The Ins and Outs of Gradual Type Inference
Aseem Rastogi,
Avik Chaudhuri, and
Basil Hosmer
Abstract
Gradual typing lets programmers evolve their dynamically typed
programs by gradually adding explicit type annotations, which confer benefits like improved performance and fewer run-time failures.
However, we argue that such evolution often requires a giant
leap, and that type inference can offer a crucial missing step. If
omitted type annotations are interpreted as unknown types, rather
than the dynamic type, then static types can often be inferred,
thereby removing unnecessary assumptions of the dynamic type.
The remaining assumptions of the dynamic type may then be removed by either reasoning outside the static type system, or restructuring the code.

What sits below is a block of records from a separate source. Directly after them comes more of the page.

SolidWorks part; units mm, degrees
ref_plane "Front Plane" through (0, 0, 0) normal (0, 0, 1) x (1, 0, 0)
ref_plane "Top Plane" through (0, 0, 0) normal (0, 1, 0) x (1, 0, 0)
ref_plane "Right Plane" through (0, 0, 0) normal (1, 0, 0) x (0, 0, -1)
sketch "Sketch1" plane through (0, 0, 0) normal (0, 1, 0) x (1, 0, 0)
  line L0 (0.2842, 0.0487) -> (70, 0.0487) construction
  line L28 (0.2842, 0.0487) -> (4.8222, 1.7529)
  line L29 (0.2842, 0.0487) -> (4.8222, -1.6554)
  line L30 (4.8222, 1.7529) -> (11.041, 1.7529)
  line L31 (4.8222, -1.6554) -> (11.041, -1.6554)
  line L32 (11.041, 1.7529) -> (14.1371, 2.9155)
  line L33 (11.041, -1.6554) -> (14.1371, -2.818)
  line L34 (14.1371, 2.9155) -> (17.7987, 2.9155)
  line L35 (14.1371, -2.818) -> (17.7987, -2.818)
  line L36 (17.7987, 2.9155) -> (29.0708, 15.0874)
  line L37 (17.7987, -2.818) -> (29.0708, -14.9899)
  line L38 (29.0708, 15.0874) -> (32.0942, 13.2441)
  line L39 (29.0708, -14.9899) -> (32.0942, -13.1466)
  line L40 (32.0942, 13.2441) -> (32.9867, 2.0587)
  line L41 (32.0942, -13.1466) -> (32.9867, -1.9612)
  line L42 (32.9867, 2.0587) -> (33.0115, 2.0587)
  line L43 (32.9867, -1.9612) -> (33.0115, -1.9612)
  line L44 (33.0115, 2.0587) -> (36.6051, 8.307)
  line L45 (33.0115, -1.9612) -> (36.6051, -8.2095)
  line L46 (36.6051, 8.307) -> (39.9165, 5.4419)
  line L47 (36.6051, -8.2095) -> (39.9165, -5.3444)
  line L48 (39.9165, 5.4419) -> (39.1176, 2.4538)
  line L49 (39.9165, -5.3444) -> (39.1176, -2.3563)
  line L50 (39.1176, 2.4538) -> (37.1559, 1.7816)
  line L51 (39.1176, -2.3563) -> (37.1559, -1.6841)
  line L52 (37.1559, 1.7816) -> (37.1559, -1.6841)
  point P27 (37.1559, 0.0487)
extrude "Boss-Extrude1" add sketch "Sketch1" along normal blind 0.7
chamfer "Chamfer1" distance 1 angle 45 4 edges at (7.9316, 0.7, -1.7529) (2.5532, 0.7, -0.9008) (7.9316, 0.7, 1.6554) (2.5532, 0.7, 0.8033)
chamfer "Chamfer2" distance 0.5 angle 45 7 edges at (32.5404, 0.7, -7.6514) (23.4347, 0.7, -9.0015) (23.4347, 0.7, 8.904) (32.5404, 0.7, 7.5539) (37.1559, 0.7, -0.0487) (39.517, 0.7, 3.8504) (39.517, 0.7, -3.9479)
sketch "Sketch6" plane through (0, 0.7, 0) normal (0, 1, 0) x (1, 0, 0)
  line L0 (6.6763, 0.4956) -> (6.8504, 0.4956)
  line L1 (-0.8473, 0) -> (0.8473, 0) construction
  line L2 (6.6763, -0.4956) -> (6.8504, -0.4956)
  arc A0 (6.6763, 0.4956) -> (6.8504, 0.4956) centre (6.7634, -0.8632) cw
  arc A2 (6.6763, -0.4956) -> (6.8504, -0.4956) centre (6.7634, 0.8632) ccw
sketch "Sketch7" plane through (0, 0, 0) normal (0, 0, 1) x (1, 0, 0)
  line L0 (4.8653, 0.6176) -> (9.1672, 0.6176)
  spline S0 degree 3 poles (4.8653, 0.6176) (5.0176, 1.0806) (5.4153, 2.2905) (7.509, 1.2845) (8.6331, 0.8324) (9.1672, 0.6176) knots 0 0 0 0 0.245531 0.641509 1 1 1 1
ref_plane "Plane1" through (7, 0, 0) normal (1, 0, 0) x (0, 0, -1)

We present a type inference algorithm that can improve the performance of existing gradually typed programs without introducing
any new run-time failures. To account for dynamic typing, types
that flow in to an unknown type are treated in a fundamentally different manner than types that flow out. Furthermore, in the interests
of backward-compatibility, an escape analysis is conducted to decide which types are safe to infer. We have implemented our algorithm for ActionScript, and evaluated it on the SunSpider and V8
benchmark suites. We demonstrate that our algorithm can improve
the performance of unannotated programs as well as recover most
of the type annotations in annotated programs.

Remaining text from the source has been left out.